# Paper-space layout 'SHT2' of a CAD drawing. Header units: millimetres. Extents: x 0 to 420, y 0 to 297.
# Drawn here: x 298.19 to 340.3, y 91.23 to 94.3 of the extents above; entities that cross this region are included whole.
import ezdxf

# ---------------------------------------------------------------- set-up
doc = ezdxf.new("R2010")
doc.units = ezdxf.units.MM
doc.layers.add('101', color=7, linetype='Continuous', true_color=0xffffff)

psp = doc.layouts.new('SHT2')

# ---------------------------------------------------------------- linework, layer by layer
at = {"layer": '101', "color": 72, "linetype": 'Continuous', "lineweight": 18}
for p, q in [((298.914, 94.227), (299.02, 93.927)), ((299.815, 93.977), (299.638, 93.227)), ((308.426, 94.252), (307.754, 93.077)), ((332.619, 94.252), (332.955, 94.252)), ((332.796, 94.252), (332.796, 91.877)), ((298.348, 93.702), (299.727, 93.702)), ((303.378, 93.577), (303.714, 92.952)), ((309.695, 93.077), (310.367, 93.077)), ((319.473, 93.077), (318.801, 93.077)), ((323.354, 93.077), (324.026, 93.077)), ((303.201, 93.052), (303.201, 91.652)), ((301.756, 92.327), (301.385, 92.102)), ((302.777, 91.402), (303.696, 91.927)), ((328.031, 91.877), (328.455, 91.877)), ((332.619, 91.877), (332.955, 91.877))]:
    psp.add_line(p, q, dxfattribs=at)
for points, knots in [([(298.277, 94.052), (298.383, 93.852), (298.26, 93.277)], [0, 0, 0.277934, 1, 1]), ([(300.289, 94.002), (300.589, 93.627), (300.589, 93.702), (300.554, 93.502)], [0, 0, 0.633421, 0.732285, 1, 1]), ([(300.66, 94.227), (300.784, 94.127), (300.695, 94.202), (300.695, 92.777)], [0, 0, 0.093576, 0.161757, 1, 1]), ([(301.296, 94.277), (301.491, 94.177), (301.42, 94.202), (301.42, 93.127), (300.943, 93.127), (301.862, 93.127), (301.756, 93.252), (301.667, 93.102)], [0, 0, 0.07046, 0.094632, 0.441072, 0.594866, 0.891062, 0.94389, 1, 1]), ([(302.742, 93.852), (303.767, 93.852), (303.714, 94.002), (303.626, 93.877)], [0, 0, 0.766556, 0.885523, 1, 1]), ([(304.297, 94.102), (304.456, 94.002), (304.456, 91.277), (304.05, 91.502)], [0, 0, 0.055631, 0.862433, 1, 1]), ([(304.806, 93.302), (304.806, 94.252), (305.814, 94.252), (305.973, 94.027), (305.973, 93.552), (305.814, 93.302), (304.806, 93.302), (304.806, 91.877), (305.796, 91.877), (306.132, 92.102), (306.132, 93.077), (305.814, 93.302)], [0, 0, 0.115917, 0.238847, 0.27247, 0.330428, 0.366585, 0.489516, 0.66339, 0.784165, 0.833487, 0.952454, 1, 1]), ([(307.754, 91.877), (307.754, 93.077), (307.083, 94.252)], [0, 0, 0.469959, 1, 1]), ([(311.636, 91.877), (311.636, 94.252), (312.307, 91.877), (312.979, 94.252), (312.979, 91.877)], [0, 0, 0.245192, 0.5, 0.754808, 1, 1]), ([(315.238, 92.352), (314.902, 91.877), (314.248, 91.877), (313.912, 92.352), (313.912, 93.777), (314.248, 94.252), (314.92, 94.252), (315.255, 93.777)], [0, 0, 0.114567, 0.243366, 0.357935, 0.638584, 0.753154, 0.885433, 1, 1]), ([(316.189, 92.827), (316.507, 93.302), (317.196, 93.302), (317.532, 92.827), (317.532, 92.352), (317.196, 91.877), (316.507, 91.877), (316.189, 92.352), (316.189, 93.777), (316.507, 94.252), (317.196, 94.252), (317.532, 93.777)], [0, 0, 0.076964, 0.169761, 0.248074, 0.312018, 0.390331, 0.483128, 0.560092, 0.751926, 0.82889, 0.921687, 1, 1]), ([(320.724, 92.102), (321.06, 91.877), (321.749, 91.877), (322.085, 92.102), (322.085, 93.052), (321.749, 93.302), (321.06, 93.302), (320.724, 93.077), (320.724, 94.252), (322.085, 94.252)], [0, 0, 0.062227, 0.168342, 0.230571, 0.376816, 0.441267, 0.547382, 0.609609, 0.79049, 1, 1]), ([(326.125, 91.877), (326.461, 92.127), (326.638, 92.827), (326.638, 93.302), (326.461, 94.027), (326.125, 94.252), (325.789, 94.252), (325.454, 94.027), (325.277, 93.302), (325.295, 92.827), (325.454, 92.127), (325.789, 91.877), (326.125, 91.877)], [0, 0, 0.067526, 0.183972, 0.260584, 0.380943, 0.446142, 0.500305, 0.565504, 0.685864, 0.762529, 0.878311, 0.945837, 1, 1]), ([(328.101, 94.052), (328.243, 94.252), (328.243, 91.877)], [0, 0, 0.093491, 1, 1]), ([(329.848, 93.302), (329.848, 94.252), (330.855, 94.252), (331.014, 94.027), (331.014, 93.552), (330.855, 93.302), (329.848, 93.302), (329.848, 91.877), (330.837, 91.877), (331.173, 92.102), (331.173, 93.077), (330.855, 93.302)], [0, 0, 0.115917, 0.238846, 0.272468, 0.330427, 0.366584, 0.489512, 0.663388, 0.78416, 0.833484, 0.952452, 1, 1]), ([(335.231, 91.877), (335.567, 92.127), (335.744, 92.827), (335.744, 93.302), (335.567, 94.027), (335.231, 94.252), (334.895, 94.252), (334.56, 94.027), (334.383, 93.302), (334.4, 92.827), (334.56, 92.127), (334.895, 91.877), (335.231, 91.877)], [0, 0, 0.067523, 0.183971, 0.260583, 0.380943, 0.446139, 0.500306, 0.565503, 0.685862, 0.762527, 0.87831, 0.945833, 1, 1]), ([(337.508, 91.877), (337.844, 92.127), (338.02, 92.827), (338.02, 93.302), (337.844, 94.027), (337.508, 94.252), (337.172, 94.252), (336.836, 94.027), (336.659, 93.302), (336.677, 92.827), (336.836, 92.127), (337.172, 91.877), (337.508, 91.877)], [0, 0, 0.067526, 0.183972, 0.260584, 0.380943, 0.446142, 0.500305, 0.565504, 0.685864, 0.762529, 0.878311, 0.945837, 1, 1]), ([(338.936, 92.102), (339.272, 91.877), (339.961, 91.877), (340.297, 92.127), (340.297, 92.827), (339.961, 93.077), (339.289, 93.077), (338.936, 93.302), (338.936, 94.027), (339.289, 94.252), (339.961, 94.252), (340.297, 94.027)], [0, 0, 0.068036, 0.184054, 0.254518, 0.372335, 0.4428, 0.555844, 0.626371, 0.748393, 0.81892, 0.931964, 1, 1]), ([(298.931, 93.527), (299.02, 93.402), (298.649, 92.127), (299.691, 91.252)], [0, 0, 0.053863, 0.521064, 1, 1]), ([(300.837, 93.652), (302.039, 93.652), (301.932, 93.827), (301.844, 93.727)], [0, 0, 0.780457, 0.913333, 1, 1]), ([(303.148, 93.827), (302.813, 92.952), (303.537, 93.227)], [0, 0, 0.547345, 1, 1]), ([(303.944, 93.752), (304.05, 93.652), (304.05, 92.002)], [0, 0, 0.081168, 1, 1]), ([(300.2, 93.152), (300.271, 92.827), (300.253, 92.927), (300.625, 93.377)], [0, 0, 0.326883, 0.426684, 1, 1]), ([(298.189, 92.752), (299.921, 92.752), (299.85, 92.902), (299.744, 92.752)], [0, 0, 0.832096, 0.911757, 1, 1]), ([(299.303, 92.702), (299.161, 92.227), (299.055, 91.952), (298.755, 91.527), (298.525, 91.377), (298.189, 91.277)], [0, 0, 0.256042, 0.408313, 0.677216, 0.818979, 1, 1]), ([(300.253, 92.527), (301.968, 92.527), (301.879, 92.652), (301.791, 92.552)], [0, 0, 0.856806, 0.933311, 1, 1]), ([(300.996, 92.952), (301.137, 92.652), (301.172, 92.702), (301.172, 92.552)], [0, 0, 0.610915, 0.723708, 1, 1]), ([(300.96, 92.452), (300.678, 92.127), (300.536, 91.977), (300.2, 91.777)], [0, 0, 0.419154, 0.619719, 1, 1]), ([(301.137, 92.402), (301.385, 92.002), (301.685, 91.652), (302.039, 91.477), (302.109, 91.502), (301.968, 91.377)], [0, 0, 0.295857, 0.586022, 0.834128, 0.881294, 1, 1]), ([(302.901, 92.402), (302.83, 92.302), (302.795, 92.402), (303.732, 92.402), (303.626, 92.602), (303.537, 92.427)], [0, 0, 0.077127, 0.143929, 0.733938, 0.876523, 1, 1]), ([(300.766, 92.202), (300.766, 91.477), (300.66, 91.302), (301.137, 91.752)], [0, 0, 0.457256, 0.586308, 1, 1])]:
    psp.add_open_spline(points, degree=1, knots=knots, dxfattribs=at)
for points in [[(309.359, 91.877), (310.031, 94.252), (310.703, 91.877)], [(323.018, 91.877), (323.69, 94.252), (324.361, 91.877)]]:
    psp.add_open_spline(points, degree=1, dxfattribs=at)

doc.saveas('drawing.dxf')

※

Required action:
Each line above that contains the string "dxfattribs" should be identified and copied.

Output:
    psp.add_line(p, q, dxfattribs=at)
    psp.add_open_spline(points, degree=1, knots=knots, dxfattribs=at)
    psp.add_open_spline(points, degree=1, dxfattribs=at)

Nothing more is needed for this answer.